An attacker can make a fake commit containing malicious code, impersonating someone else. A verified badge makes this attack visible. A commit signed with someone else's key or even unsigned is marked as unverified, so everyone can see the potential forgery.

## Task 2: Pre-commit + gitleaks

### `.pre-commit-config.yaml` (paste the full content)

```bash
repos:
- repo: https://github.com/pre-commit/pre-commit-hooks
rev: v4.5.0
hooks:
- id: detect-private-key
- id: check-added-large-files

- repo: https://github.com/gitleaks/gitleaks
rev: v8.30.1
hooks:
- id: gitleaks
```

### pre-commit install output

```bash
pre-commit installed at .git/hooks/pre-commit
```

### The blocked commit

Output of the git commit that gitleaks blocked (the failing hook output):

```bash
- hook id: gitleaks
- exit code: 1
Finding: GH_PAT=REDACTED
Secret: REDACTED
RuleID: github-pat
Entropy: 4.143943
File: submissions/leak-attempt.txt
Line: 1
Fingerprint: submissions/leak-attempt.txt:github-pat:1
5:27PM INF 1 commits scanned.
5:27PM INF scan completed in 69.6ms
5:27PM WRN leaks found: 1
```

## Tune-out exercise

Suppose a teammate insists they need to commit AKIA* strings because they're documentation examples in docs/. Briefly describe two approaches:

- Inline allowlist — [allowlist] block in .gitleaks.toml.

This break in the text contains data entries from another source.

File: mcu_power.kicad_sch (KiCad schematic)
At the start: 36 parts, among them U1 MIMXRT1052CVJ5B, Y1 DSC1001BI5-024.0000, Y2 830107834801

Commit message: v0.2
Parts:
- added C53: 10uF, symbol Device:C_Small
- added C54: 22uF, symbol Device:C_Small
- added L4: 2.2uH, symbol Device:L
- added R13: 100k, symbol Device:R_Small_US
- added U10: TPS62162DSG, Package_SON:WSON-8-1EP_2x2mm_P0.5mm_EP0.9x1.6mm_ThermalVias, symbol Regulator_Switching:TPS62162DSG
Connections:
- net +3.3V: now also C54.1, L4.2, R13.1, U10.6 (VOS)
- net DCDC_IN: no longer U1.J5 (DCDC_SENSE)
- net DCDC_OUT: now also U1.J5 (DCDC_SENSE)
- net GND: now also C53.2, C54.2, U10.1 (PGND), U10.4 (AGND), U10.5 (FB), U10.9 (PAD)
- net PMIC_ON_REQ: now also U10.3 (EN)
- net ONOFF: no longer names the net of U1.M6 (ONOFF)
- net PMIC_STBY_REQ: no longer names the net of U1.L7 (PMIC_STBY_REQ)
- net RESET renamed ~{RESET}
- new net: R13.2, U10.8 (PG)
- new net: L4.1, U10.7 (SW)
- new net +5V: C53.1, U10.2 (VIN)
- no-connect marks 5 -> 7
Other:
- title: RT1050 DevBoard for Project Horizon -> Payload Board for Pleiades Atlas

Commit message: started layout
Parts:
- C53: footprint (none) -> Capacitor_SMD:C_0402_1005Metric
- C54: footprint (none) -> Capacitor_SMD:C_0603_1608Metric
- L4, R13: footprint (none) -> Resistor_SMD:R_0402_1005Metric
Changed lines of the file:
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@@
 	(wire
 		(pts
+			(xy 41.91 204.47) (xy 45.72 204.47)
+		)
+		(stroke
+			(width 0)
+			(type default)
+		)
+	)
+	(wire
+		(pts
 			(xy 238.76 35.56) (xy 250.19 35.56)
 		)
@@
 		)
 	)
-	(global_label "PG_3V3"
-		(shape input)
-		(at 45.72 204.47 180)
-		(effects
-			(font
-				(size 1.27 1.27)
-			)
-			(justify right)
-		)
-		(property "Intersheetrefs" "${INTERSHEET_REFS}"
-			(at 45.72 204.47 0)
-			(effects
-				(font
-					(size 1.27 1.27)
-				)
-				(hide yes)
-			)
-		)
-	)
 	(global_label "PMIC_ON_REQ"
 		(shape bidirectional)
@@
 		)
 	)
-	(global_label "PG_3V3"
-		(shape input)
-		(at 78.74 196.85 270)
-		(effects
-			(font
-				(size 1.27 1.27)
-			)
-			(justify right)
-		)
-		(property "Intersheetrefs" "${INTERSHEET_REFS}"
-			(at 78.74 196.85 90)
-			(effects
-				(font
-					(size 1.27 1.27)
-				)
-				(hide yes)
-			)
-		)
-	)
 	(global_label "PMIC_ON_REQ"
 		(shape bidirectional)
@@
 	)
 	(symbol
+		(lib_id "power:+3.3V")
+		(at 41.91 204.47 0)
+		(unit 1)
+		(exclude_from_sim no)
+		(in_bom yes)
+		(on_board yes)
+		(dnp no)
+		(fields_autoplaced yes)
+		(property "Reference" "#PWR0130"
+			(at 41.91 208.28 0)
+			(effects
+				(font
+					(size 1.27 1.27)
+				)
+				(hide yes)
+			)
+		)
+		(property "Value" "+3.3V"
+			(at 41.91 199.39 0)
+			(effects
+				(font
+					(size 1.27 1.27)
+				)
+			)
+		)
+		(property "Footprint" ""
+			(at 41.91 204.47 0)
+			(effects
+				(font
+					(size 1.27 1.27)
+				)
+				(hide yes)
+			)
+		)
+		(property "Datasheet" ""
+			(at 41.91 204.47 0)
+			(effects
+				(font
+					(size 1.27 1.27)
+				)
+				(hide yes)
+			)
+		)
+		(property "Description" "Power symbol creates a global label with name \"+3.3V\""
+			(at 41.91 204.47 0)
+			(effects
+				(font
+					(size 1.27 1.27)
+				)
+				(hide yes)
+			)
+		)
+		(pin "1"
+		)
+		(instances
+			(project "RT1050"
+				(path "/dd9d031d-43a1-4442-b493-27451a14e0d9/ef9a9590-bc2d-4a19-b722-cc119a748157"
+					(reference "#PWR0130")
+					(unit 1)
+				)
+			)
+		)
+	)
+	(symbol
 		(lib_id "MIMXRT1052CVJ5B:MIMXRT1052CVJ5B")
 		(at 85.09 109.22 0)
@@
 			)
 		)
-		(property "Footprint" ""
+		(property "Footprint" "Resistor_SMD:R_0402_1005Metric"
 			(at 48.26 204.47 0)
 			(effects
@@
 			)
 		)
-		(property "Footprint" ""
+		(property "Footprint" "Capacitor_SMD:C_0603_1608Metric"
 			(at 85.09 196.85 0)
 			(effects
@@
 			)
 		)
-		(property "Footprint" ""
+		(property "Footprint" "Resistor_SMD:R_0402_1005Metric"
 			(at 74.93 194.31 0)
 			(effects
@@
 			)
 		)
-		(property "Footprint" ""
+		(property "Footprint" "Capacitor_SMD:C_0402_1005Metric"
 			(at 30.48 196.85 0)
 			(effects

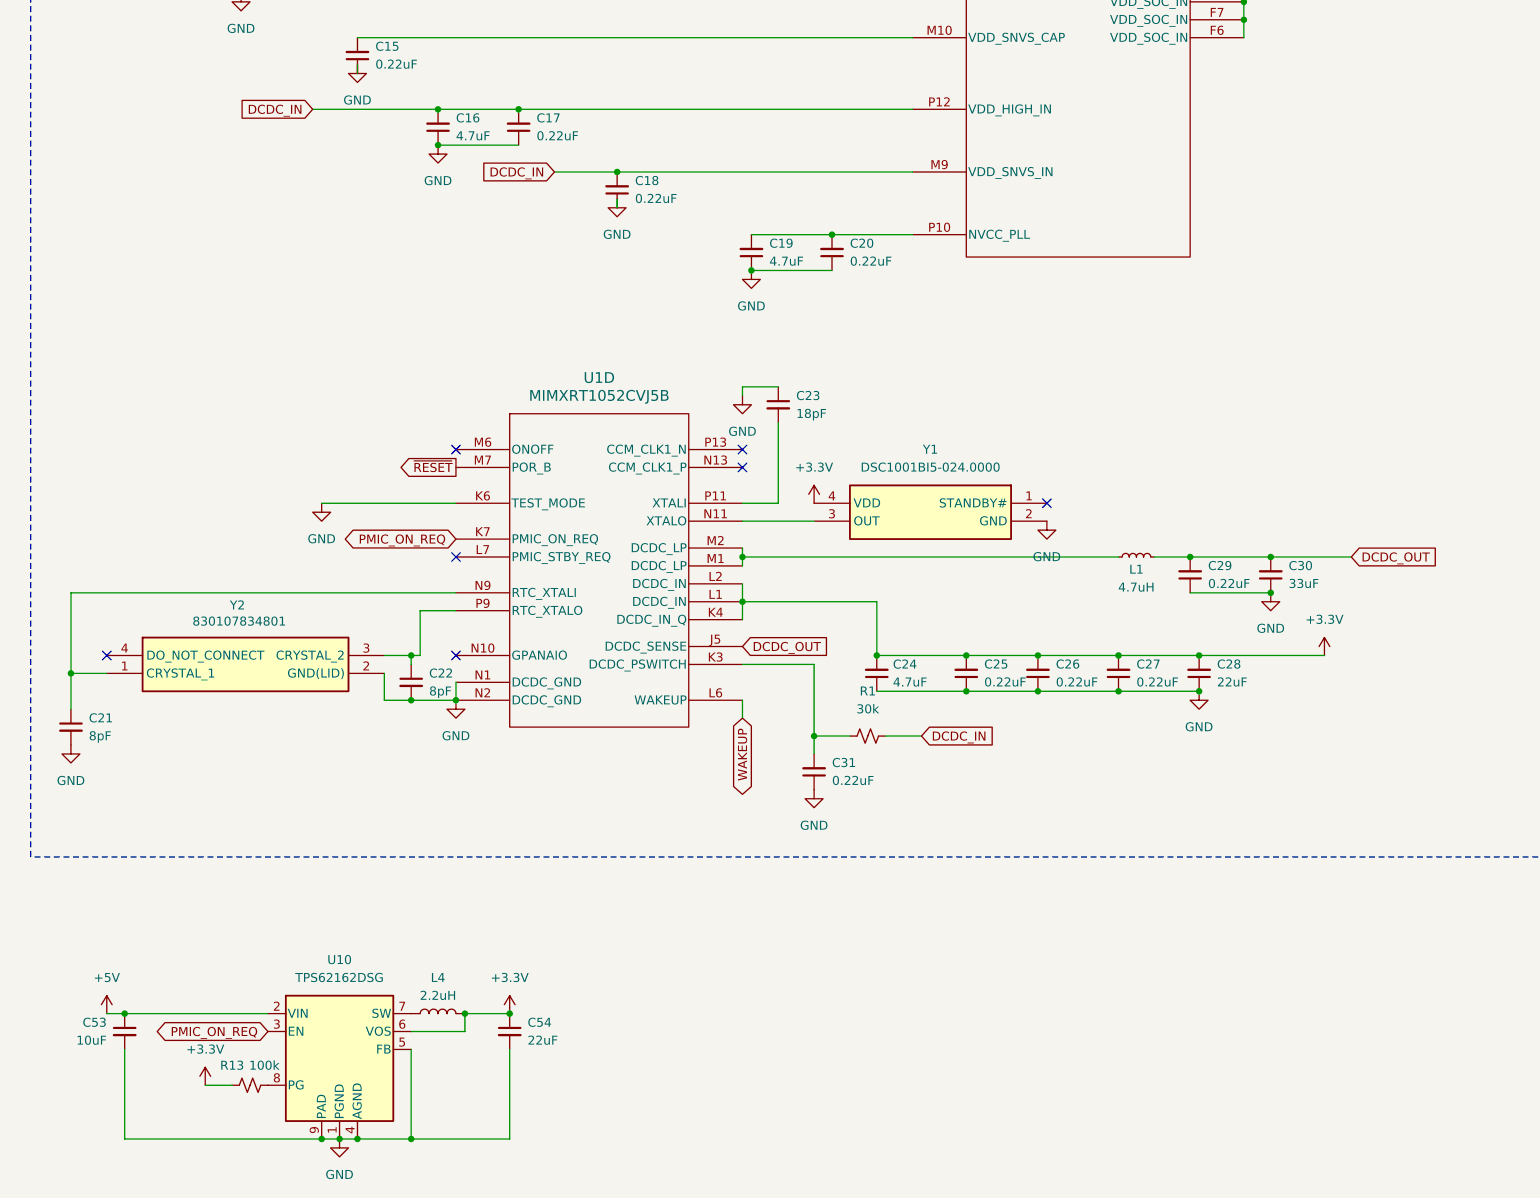
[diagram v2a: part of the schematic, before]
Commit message: redid power rails to allow for sleep
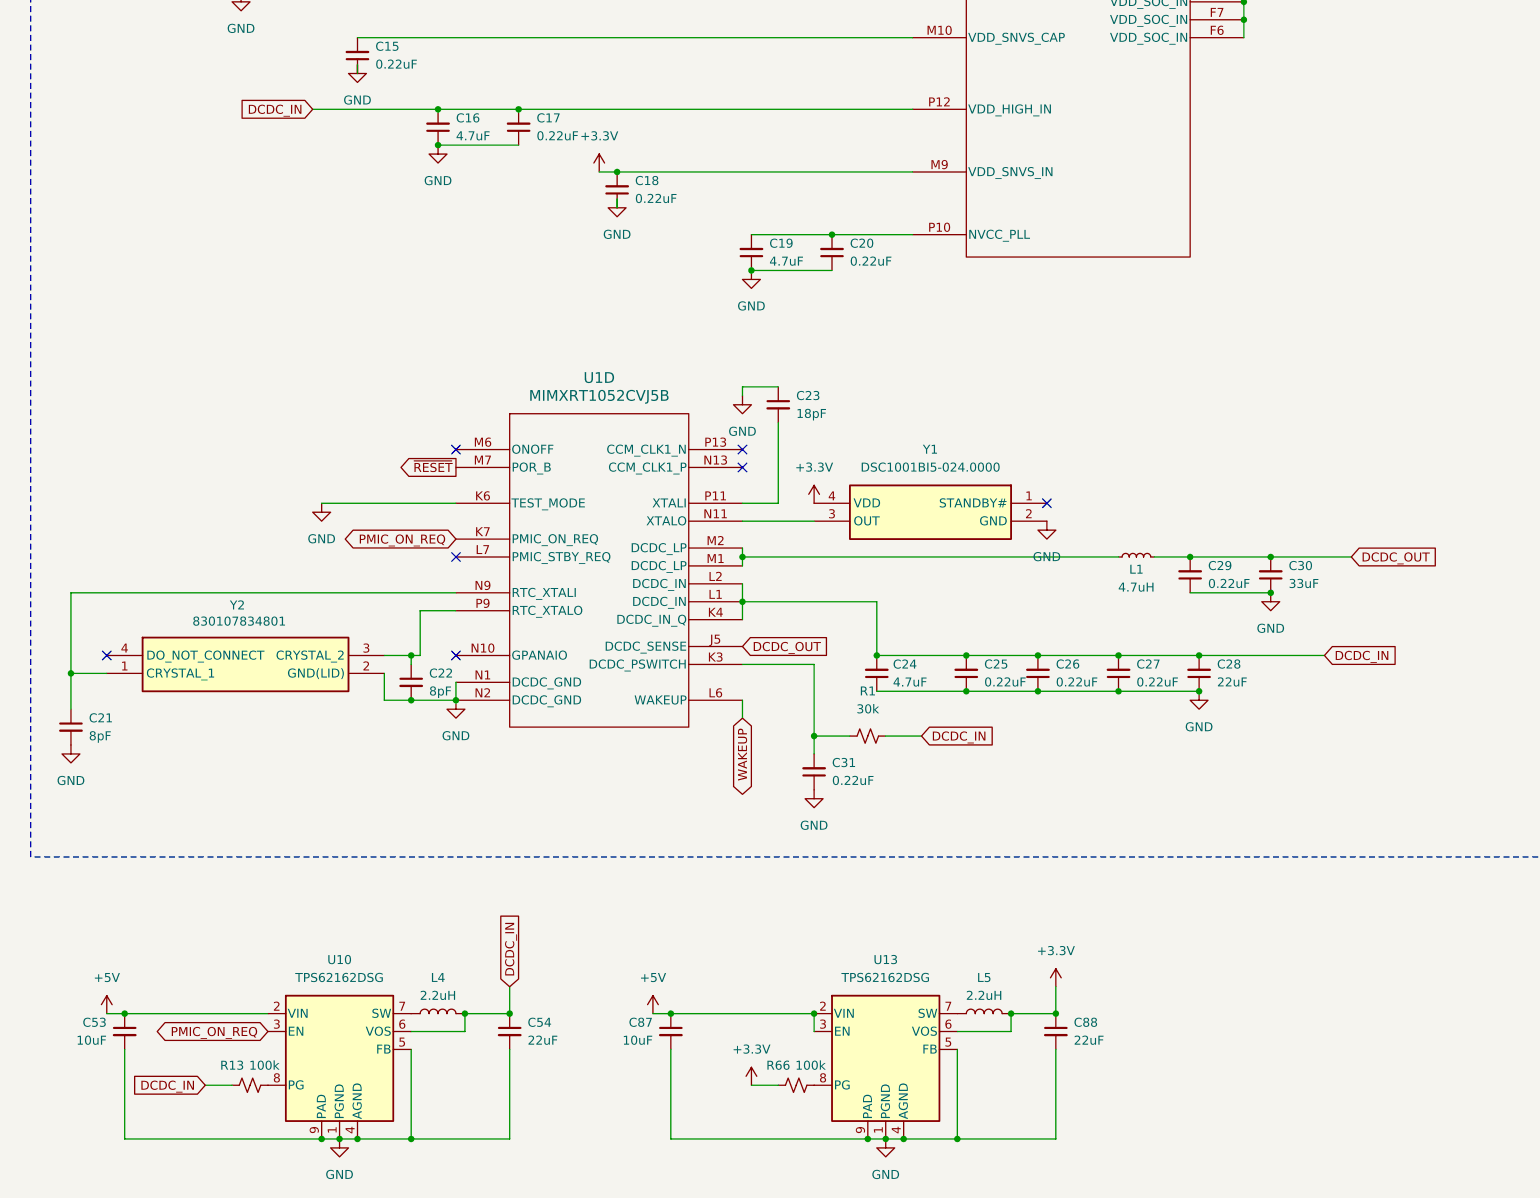
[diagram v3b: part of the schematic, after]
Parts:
- added C87: 10uF, Capacitor_SMD:C_0402_1005Metric, symbol Device:C_Small
- added C88: 22uF, Capacitor_SMD:C_0603_1608Metric, symbol Device:C_Small
- added L5: 2.2uH, Resistor_SMD:R_0402_1005Metric, symbol Device:L
- added R66: 100k, Resistor_SMD:R_0402_1005Metric, symbol Device:R_Small_US
- added U13: TPS62162DSG, Package_SON:WSON-8-1EP_2x2mm_P0.5mm_EP0.9x1.6mm_ThermalVias, symbol Regulator_Switching:TPS62162DSG
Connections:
- net +3.3V: now also C18.2, U1.M9 (VDD_SNVS_IN), C88.1, L5.2, R66.1, U13.6 (VOS); no longer C24.2, C25.2, C26.2, C27.2, C28.2, C54.1, L4.2, R13.1, U1.K4 (DCDC_IN_Q), U1.L1 (DCDC_IN), U1.L2 (DCDC_IN), U10.6 (VOS)
- net +5V: now also C87.1, U13.2 (VIN), U13.3 (EN)
- net DCDC_IN: now also C24.2, C25.2, C26.2, C27.2, C28.2, C54.1, L4.2, R13.1, U1.K4 (DCDC_IN_Q), U1.L1 (DCDC_IN), U1.L2 (DCDC_IN), U10.6 (VOS); no longer C18.2, U1.M9 (VDD_SNVS_IN)
- net GND: now also C87.2, C88.2, U13.1 (PGND), U13.4 (AGND), U13.5 (FB), U13.9 (PAD)
- new net: L5.1, U13.7 (SW)
- new net: R66.2, U13.8 (PG)

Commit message: finished layout of v0.2!
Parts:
- removed C53: 10uF, Capacitor_SMD:C_0402_1005Metric, symbol Device:C_Small
- removed C54: 22uF, Capacitor_SMD:C_0603_1608Metric, symbol Device:C_Small
- removed L4: 2.2uH, Resistor_SMD:R_0402_1005Metric, symbol Device:L
- removed R13: 100k, Resistor_SMD:R_0402_1005Metric, symbol Device:R_Small_US
- removed U10: TPS62162DSG, Package_SON:WSON-8-1EP_2x2mm_P0.5mm_EP0.9x1.6mm_ThermalVias, symbol Regulator_Switching:TPS62162DSG
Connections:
- net DCDC_IN is gone; now on net +3.3V: C13.2, C14.2, C16.2, C17.2, C24.2, C25.2, C26.2, C27.2, C28.2, R1.2, U1.K4 (DCDC_IN_Q), U1.L1 (DCDC_IN), U1.L2 (DCDC_IN), U1.N14 (VDDA_ADC_3P3), U1.P12 (VDD_HIGH_IN)

When is this OK?

This would be adequate if we were sure that the AKIA sample string was being used and not the real secret, then we could add an exception for that specific string.

- Path exclusion — paths: [docs/] in .gitleaks.toml. When is this risky? (2-3 sentences each. No correct answer; both have tradeoffs.)

This is easier to set up because developers can freely commit documentation. However, files containing real keys can accidentally end up there, and <b>geatleaks</b> will simply ignore them.